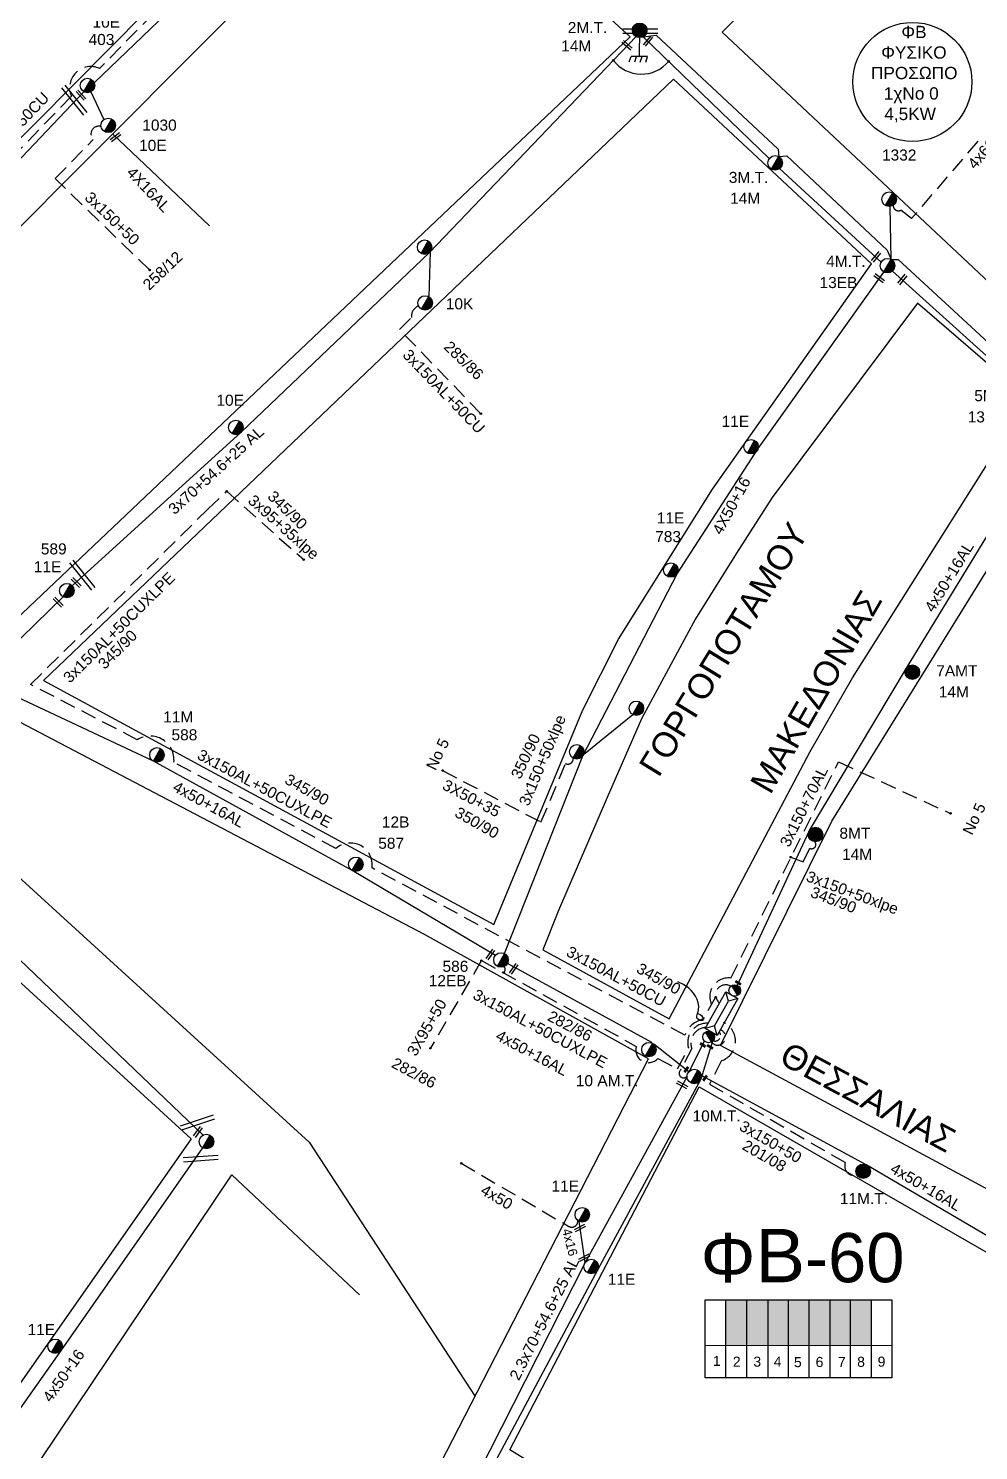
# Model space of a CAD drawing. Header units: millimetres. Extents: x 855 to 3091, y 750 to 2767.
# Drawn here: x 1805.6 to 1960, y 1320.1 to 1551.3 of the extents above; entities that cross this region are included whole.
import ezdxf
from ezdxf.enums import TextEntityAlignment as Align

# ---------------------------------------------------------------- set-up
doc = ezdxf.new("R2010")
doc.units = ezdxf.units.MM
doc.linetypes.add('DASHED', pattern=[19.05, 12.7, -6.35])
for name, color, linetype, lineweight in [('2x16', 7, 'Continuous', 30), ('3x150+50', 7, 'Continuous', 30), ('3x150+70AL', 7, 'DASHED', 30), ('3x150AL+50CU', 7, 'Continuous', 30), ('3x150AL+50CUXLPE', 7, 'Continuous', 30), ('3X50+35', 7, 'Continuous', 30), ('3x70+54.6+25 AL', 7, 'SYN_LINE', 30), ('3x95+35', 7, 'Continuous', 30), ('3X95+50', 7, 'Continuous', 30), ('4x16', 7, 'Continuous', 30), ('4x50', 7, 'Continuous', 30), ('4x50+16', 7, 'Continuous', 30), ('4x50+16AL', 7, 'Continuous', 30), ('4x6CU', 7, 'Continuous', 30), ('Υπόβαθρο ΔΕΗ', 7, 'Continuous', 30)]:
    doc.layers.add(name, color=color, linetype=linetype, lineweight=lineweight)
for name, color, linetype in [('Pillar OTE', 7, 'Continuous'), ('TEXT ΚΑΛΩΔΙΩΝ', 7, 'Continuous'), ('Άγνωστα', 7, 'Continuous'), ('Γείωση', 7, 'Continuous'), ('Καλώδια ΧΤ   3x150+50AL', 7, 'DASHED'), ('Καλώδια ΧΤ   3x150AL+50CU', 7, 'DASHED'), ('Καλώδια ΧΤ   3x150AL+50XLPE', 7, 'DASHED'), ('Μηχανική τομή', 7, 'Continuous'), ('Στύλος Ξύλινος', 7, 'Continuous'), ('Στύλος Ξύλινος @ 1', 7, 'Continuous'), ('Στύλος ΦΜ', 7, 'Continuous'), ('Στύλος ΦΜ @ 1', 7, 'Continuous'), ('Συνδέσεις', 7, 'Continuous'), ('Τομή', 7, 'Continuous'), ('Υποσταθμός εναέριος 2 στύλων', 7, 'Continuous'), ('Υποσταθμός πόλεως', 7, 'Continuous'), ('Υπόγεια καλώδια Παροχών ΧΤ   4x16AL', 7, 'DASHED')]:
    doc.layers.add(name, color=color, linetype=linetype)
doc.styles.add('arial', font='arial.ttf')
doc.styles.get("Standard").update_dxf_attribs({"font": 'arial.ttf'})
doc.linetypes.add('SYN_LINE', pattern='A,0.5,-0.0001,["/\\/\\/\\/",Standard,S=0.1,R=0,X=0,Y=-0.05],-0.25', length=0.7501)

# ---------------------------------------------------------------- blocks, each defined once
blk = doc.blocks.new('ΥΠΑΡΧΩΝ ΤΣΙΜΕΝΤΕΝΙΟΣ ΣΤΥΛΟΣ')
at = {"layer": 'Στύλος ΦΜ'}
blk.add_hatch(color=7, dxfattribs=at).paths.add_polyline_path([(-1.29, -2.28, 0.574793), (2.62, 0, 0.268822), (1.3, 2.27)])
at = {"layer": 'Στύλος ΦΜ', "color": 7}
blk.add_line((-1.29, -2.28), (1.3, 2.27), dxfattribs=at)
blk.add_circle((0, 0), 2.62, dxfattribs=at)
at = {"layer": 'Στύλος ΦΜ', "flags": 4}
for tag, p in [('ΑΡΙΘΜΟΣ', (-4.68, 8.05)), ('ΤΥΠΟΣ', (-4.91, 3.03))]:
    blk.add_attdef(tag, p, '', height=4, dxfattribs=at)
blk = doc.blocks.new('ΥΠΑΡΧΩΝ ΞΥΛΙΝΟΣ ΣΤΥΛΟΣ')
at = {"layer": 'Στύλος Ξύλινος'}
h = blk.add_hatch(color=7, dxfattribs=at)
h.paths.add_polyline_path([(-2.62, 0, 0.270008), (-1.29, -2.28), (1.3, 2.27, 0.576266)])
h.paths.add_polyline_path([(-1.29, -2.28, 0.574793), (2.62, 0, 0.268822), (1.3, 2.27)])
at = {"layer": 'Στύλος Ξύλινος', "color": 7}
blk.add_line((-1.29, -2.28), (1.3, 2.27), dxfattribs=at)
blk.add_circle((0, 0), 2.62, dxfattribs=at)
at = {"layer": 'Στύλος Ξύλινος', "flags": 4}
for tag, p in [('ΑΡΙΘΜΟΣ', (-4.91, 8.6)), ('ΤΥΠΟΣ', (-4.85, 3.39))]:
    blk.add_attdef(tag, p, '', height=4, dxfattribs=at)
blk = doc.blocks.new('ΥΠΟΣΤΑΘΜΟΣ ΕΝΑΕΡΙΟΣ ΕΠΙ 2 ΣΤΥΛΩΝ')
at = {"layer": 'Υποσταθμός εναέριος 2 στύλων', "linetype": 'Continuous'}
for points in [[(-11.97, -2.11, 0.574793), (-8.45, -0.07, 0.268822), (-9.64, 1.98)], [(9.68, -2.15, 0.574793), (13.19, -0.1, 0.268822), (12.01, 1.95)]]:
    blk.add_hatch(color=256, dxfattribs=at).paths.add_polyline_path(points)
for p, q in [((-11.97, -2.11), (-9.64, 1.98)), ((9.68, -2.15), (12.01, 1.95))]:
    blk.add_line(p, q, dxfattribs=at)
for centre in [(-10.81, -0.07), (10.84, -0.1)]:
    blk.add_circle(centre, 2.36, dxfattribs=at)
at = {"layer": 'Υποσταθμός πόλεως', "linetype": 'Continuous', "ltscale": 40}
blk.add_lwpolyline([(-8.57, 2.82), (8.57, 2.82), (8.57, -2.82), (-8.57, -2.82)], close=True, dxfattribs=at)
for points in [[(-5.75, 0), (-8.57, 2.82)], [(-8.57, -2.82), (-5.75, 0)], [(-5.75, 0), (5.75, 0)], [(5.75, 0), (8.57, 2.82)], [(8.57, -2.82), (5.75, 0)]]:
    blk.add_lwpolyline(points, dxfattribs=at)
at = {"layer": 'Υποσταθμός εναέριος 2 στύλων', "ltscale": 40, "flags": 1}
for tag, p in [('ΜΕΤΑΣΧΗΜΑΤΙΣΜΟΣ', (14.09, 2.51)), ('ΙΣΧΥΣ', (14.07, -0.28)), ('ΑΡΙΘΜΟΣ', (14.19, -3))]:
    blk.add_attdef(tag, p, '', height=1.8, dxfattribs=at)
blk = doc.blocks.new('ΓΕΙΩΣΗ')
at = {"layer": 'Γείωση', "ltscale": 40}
################
Exercise: Word for word and without any pictures, return all of the lines above.

Answer below:
# Model space of a CAD drawing. Header units: millimetres. Extents: x 855 to 3091, y 750 to 2767.
# Drawn here: x 1805.6 to 1960, y 1320.1 to 1551.3 of the extents above; entities that cross this region are included whole.
import ezdxf
from ezdxf.enums import TextEntityAlignment as Align

# ---------------------------------------------------------------- set-up
doc = ezdxf.new("R2010")
doc.units = ezdxf.units.MM
doc.linetypes.add('DASHED', pattern=[19.05, 12.7, -6.35])
for name, color, linetype, lineweight in [('2x16', 7, 'Continuous', 30), ('3x150+50', 7, 'Continuous', 30), ('3x150+70AL', 7, 'DASHED', 30), ('3x150AL+50CU', 7, 'Continuous', 30), ('3x150AL+50CUXLPE', 7, 'Continuous', 30), ('3X50+35', 7, 'Continuous', 30), ('3x70+54.6+25 AL', 7, 'SYN_LINE', 30), ('3x95+35', 7, 'Continuous', 30), ('3X95+50', 7, 'Continuous', 30), ('4x16', 7, 'Continuous', 30), ('4x50', 7, 'Continuous', 30), ('4x50+16', 7, 'Continuous', 30), ('4x50+16AL', 7, 'Continuous', 30), ('4x6CU', 7, 'Continuous', 30), ('Υπόβαθρο ΔΕΗ', 7, 'Continuous', 30)]:
    doc.layers.add(name, color=color, linetype=linetype, lineweight=lineweight)
for name, color, linetype in [('Pillar OTE', 7, 'Continuous'), ('TEXT ΚΑΛΩΔΙΩΝ', 7, 'Continuous'), ('Άγνωστα', 7, 'Continuous'), ('Γείωση', 7, 'Continuous'), ('Καλώδια ΧΤ   3x150+50AL', 7, 'DASHED'), ('Καλώδια ΧΤ   3x150AL+50CU', 7, 'DASHED'), ('Καλώδια ΧΤ   3x150AL+50XLPE', 7, 'DASHED'), ('Μηχανική τομή', 7, 'Continuous'), ('Στύλος Ξύλινος', 7, 'Continuous'), ('Στύλος Ξύλινος @ 1', 7, 'Continuous'), ('Στύλος ΦΜ', 7, 'Continuous'), ('Στύλος ΦΜ @ 1', 7, 'Continuous'), ('Συνδέσεις', 7, 'Continuous'), ('Τομή', 7, 'Continuous'), ('Υποσταθμός εναέριος 2 στύλων', 7, 'Continuous'), ('Υποσταθμός πόλεως', 7, 'Continuous'), ('Υπόγεια καλώδια Παροχών ΧΤ   4x16AL', 7, 'DASHED')]:
    doc.layers.add(name, color=color, linetype=linetype)
doc.styles.add('arial', font='arial.ttf')
doc.styles.get("Standard").update_dxf_attribs({"font": 'arial.ttf'})
doc.linetypes.add('SYN_LINE', pattern='A,0.5,-0.0001,["/\\/\\/\\/",Standard,S=0.1,R=0,X=0,Y=-0.05],-0.25', length=0.7501)

# ---------------------------------------------------------------- blocks, each defined once
blk = doc.blocks.new('ΥΠΑΡΧΩΝ ΤΣΙΜΕΝΤΕΝΙΟΣ ΣΤΥΛΟΣ')
at = {"layer": 'Στύλος ΦΜ'}
blk.add_hatch(color=7, dxfattribs=at).paths.add_polyline_path([(-1.29, -2.28, 0.574793), (2.62, 0, 0.268822), (1.3, 2.27)])
at = {"layer": 'Στύλος ΦΜ', "color": 7}
blk.add_line((-1.29, -2.28), (1.3, 2.27), dxfattribs=at)
blk.add_circle((0, 0), 2.62, dxfattribs=at)
at = {"layer": 'Στύλος ΦΜ', "flags": 4}
for tag, p in [('ΑΡΙΘΜΟΣ', (-4.68, 8.05)), ('ΤΥΠΟΣ', (-4.91, 3.03))]:
    blk.add_attdef(tag, p, '', height=4, dxfattribs=at)
blk = doc.blocks.new('ΥΠΑΡΧΩΝ ΞΥΛΙΝΟΣ ΣΤΥΛΟΣ')
at = {"layer": 'Στύλος Ξύλινος'}
h = blk.add_hatch(color=7, dxfattribs=at)
h.paths.add_polyline_path([(-2.62, 0, 0.270008), (-1.29, -2.28), (1.3, 2.27, 0.576266)])
h.paths.add_polyline_path([(-1.29, -2.28, 0.574793), (2.62, 0, 0.268822), (1.3, 2.27)])
at = {"layer": 'Στύλος Ξύλινος', "color": 7}
blk.add_line((-1.29, -2.28), (1.3, 2.27), dxfattribs=at)
blk.add_circle((0, 0), 2.62, dxfattribs=at)
at = {"layer": 'Στύλος Ξύλινος', "flags": 4}
for tag, p in [('ΑΡΙΘΜΟΣ', (-4.91, 8.6)), ('ΤΥΠΟΣ', (-4.85, 3.39))]:
    blk.add_attdef(tag, p, '', height=4, dxfattribs=at)
blk = doc.blocks.new('ΥΠΟΣΤΑΘΜΟΣ ΕΝΑΕΡΙΟΣ ΕΠΙ 2 ΣΤΥΛΩΝ')
at = {"layer": 'Υποσταθμός εναέριος 2 στύλων', "linetype": 'Continuous'}
for points in [[(-11.97, -2.11, 0.574793), (-8.45, -0.07, 0.268822), (-9.64, 1.98)], [(9.68, -2.15, 0.574793), (13.19, -0.1, 0.268822), (12.01, 1.95)]]:
    blk.add_hatch(color=256, dxfattribs=at).paths.add_polyline_path(points)
for p, q in [((-11.97, -2.11), (-9.64, 1.98)), ((9.68, -2.15), (12.01, 1.95))]:
    blk.add_line(p, q, dxfattribs=at)
for centre in [(-10.81, -0.07), (10.84, -0.1)]:
    blk.add_circle(centre, 2.36, dxfattribs=at)
at = {"layer": 'Υποσταθμός πόλεως', "linetype": 'Continuous', "ltscale": 40}
blk.add_lwpolyline([(-8.57, 2.82), (8.57, 2.82), (8.57, -2.82), (-8.57, -2.82)], close=True, dxfattribs=at)
for points in [[(-5.75, 0), (-8.57, 2.82)], [(-8.57, -2.82), (-5.75, 0)], [(-5.75, 0), (5.75, 0)], [(5.75, 0), (8.57, 2.82)], [(8.57, -2.82), (5.75, 0)]]:
    blk.add_lwpolyline(points, dxfattribs=at)
at = {"layer": 'Υποσταθμός εναέριος 2 στύλων', "ltscale": 40, "flags": 1}
for tag, p in [('ΜΕΤΑΣΧΗΜΑΤΙΣΜΟΣ', (14.09, 2.51)), ('ΙΣΧΥΣ', (14.07, -0.28)), ('ΑΡΙΘΜΟΣ', (14.19, -3))]:
    blk.add_attdef(tag, p, '', height=1.8, dxfattribs=at)
blk = doc.blocks.new('ΓΕΙΩΣΗ')
at = {"layer": 'Γείωση', "ltscale": 40}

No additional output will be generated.